Where a line holds the word "Inventor", count it, then give only the total for the entries below.

** Opening Data to process block **

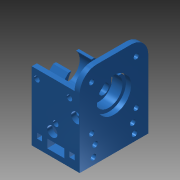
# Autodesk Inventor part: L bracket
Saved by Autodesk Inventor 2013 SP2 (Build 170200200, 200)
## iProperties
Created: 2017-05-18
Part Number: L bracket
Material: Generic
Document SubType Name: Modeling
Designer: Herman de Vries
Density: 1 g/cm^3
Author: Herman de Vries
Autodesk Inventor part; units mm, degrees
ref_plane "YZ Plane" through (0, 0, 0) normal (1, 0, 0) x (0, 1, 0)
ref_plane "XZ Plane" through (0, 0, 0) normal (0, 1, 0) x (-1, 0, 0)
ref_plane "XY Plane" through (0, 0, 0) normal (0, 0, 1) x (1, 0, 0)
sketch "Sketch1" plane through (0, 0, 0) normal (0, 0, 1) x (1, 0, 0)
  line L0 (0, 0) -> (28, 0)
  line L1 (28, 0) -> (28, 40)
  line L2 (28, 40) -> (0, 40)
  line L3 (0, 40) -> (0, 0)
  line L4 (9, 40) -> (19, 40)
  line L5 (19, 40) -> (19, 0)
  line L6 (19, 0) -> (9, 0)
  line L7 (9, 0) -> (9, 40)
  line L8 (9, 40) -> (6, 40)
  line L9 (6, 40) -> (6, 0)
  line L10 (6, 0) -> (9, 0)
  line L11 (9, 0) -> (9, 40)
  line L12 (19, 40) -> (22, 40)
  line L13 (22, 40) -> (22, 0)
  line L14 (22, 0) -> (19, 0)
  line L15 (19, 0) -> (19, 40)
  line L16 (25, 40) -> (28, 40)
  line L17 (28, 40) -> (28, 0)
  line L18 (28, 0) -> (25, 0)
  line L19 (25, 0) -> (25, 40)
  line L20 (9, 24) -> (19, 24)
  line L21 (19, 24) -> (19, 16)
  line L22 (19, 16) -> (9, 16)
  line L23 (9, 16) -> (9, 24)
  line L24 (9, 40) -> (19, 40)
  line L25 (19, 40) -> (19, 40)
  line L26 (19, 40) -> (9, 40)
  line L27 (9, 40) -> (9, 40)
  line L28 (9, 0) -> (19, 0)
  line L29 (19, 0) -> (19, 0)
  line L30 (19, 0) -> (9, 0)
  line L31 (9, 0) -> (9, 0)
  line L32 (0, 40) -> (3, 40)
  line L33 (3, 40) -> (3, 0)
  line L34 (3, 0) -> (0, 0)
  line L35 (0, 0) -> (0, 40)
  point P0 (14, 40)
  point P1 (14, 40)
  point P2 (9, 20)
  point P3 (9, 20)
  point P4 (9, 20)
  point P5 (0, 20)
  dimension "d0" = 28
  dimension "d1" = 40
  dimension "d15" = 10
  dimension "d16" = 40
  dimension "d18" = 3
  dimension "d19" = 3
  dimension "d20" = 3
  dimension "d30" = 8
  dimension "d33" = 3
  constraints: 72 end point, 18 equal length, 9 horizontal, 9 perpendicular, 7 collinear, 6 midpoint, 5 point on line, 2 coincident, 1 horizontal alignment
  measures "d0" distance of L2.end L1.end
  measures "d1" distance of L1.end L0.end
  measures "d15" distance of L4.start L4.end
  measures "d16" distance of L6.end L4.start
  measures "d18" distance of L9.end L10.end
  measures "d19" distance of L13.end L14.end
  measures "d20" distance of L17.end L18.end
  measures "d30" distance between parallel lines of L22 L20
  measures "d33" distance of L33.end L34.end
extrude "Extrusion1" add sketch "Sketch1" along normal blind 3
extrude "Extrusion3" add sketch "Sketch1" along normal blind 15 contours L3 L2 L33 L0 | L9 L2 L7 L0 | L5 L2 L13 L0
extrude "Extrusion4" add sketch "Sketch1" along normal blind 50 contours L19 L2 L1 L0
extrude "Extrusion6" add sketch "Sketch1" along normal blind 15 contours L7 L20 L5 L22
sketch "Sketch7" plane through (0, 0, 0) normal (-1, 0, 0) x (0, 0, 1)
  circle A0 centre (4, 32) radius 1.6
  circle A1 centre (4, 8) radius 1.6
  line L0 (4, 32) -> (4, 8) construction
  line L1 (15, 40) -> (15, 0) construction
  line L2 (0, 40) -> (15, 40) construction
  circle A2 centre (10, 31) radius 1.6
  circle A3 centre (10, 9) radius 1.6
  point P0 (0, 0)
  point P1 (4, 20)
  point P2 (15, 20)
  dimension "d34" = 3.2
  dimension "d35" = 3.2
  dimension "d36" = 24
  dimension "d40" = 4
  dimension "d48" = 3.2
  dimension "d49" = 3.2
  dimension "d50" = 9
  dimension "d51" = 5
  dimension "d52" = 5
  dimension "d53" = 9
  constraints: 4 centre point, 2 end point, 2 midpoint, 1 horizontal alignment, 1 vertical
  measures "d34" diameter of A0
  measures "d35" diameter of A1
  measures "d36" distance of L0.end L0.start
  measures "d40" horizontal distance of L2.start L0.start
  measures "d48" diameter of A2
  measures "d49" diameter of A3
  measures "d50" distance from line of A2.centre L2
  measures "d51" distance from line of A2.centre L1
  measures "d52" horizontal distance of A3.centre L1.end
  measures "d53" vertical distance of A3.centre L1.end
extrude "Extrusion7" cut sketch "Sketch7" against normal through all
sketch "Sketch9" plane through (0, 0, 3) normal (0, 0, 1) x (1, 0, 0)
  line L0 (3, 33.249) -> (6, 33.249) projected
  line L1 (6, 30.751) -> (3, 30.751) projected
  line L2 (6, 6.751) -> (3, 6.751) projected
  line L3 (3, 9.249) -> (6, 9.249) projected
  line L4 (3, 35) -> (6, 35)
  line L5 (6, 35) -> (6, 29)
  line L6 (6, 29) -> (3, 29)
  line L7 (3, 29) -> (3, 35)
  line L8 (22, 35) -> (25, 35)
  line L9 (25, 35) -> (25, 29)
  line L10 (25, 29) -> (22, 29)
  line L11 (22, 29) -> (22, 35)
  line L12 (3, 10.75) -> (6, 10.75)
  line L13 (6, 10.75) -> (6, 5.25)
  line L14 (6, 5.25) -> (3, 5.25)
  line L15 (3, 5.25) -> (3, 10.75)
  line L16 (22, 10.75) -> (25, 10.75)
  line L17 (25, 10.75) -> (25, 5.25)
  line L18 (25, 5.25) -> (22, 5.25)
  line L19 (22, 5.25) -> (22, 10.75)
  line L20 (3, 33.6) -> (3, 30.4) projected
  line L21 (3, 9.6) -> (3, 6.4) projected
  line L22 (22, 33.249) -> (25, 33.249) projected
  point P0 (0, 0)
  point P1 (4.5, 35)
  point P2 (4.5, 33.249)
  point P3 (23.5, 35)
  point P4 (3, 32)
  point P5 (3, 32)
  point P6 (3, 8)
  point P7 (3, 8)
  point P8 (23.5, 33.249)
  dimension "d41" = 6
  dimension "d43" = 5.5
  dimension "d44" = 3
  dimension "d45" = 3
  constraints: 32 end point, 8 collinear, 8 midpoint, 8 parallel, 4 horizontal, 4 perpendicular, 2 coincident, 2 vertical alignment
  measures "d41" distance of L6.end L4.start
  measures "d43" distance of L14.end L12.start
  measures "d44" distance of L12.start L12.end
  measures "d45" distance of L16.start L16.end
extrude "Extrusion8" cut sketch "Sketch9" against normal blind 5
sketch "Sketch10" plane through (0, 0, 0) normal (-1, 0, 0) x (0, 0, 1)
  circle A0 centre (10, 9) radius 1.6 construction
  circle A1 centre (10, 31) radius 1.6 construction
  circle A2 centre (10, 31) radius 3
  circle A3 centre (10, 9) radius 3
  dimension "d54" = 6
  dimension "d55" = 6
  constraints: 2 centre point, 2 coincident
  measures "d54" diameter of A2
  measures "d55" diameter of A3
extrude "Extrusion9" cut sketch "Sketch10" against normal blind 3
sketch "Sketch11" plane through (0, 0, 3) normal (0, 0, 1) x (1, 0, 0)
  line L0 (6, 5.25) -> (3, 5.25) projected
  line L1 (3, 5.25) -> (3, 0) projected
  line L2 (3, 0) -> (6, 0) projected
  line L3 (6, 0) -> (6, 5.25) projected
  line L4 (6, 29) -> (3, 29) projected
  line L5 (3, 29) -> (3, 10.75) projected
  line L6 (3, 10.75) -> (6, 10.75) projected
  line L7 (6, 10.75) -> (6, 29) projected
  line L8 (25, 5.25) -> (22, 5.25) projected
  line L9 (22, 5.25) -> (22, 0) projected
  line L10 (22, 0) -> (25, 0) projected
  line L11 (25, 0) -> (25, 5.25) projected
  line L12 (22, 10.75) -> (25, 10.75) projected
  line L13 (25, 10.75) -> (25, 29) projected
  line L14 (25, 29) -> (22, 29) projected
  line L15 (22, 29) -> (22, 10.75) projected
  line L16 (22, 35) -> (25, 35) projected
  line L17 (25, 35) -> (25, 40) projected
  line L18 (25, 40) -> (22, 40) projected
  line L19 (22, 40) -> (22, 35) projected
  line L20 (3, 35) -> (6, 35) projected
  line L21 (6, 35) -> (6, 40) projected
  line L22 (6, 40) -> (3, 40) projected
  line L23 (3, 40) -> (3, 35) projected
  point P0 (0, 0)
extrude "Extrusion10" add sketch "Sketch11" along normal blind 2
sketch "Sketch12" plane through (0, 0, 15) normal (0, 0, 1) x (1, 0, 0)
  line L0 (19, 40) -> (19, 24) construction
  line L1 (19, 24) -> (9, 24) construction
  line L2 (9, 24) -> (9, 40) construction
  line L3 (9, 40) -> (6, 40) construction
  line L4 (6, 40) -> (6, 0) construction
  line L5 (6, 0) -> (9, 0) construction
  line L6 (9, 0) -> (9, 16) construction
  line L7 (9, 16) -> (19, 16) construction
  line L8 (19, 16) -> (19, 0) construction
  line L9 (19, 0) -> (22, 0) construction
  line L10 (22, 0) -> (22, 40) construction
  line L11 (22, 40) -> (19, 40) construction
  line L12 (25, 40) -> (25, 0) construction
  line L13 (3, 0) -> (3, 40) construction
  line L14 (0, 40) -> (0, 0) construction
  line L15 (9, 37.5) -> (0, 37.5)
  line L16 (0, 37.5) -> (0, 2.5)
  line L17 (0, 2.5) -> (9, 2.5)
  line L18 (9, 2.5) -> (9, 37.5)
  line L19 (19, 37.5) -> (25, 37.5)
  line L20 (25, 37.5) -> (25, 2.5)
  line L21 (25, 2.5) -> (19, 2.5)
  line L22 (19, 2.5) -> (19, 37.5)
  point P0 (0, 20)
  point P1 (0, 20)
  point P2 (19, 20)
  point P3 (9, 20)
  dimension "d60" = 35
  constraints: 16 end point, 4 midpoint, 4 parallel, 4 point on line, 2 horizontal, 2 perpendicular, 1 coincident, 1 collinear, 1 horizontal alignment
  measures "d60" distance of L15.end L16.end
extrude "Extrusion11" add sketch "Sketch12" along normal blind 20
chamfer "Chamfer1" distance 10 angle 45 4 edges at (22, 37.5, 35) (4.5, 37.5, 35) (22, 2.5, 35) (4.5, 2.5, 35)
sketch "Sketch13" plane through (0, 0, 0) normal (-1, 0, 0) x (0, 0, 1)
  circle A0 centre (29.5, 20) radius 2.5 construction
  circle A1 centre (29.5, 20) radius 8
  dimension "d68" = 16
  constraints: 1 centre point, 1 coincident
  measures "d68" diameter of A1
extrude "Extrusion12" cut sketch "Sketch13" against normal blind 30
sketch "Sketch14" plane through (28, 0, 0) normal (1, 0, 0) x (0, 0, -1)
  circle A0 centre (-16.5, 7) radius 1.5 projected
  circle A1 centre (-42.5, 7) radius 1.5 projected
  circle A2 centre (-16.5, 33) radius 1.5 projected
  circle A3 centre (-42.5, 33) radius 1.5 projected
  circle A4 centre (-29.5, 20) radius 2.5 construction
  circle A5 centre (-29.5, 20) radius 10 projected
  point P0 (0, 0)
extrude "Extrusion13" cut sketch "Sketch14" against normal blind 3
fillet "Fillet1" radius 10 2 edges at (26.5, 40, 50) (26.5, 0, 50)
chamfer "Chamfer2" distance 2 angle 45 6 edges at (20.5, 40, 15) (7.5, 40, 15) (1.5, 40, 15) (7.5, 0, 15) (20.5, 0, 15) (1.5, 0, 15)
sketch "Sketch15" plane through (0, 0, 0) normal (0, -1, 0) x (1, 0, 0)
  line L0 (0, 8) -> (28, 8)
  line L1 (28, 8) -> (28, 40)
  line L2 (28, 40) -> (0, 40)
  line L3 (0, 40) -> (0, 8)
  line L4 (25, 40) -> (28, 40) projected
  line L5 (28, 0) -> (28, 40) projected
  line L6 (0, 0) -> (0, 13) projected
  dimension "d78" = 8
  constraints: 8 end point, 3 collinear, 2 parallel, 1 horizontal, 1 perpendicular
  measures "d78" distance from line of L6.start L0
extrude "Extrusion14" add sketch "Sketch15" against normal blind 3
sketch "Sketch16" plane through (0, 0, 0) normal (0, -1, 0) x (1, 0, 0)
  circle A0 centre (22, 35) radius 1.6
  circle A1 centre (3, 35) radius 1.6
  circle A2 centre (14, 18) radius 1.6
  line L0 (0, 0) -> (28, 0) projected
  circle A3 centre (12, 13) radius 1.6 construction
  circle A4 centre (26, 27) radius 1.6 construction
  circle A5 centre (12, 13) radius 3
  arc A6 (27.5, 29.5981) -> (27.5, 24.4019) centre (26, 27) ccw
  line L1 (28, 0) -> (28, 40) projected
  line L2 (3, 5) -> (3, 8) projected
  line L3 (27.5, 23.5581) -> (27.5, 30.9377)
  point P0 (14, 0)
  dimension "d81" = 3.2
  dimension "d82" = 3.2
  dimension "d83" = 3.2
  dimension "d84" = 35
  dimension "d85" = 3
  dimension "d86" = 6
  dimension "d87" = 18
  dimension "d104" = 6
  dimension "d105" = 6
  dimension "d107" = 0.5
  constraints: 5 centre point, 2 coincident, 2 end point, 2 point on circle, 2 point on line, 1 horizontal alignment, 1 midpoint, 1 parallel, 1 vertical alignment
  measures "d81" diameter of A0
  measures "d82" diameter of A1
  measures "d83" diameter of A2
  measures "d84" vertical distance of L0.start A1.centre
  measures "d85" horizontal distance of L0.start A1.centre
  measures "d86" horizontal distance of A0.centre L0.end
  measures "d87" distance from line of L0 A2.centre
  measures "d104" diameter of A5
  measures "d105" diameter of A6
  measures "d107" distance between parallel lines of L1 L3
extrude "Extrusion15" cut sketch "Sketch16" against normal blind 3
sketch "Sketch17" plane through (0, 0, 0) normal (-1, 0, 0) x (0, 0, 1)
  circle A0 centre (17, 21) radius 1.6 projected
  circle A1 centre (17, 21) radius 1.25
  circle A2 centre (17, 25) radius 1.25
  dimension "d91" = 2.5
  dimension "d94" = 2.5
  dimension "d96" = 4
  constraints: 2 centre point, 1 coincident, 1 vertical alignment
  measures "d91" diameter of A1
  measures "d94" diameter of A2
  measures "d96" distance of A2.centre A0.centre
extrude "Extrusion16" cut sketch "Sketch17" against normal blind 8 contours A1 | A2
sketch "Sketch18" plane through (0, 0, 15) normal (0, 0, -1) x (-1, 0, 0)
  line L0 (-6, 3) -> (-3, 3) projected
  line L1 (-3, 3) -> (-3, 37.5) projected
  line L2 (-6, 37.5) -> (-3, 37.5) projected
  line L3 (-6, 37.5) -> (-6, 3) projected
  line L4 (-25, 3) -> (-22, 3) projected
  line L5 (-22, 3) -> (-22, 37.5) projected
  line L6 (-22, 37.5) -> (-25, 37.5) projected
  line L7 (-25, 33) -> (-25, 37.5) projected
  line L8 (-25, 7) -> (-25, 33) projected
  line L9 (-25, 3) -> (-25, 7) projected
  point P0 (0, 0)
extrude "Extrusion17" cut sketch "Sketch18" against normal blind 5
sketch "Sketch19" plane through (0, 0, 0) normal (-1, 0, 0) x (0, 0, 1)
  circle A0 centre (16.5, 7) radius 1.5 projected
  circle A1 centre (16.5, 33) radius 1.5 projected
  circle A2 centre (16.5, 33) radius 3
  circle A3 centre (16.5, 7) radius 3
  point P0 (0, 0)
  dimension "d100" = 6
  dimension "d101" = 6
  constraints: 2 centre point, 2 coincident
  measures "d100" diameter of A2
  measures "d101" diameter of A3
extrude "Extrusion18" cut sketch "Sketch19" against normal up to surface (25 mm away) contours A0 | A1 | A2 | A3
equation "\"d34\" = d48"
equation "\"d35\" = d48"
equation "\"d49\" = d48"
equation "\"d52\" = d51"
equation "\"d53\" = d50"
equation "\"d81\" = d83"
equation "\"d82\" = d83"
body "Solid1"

** Closing Data to process block **

- _Exercise response_: 3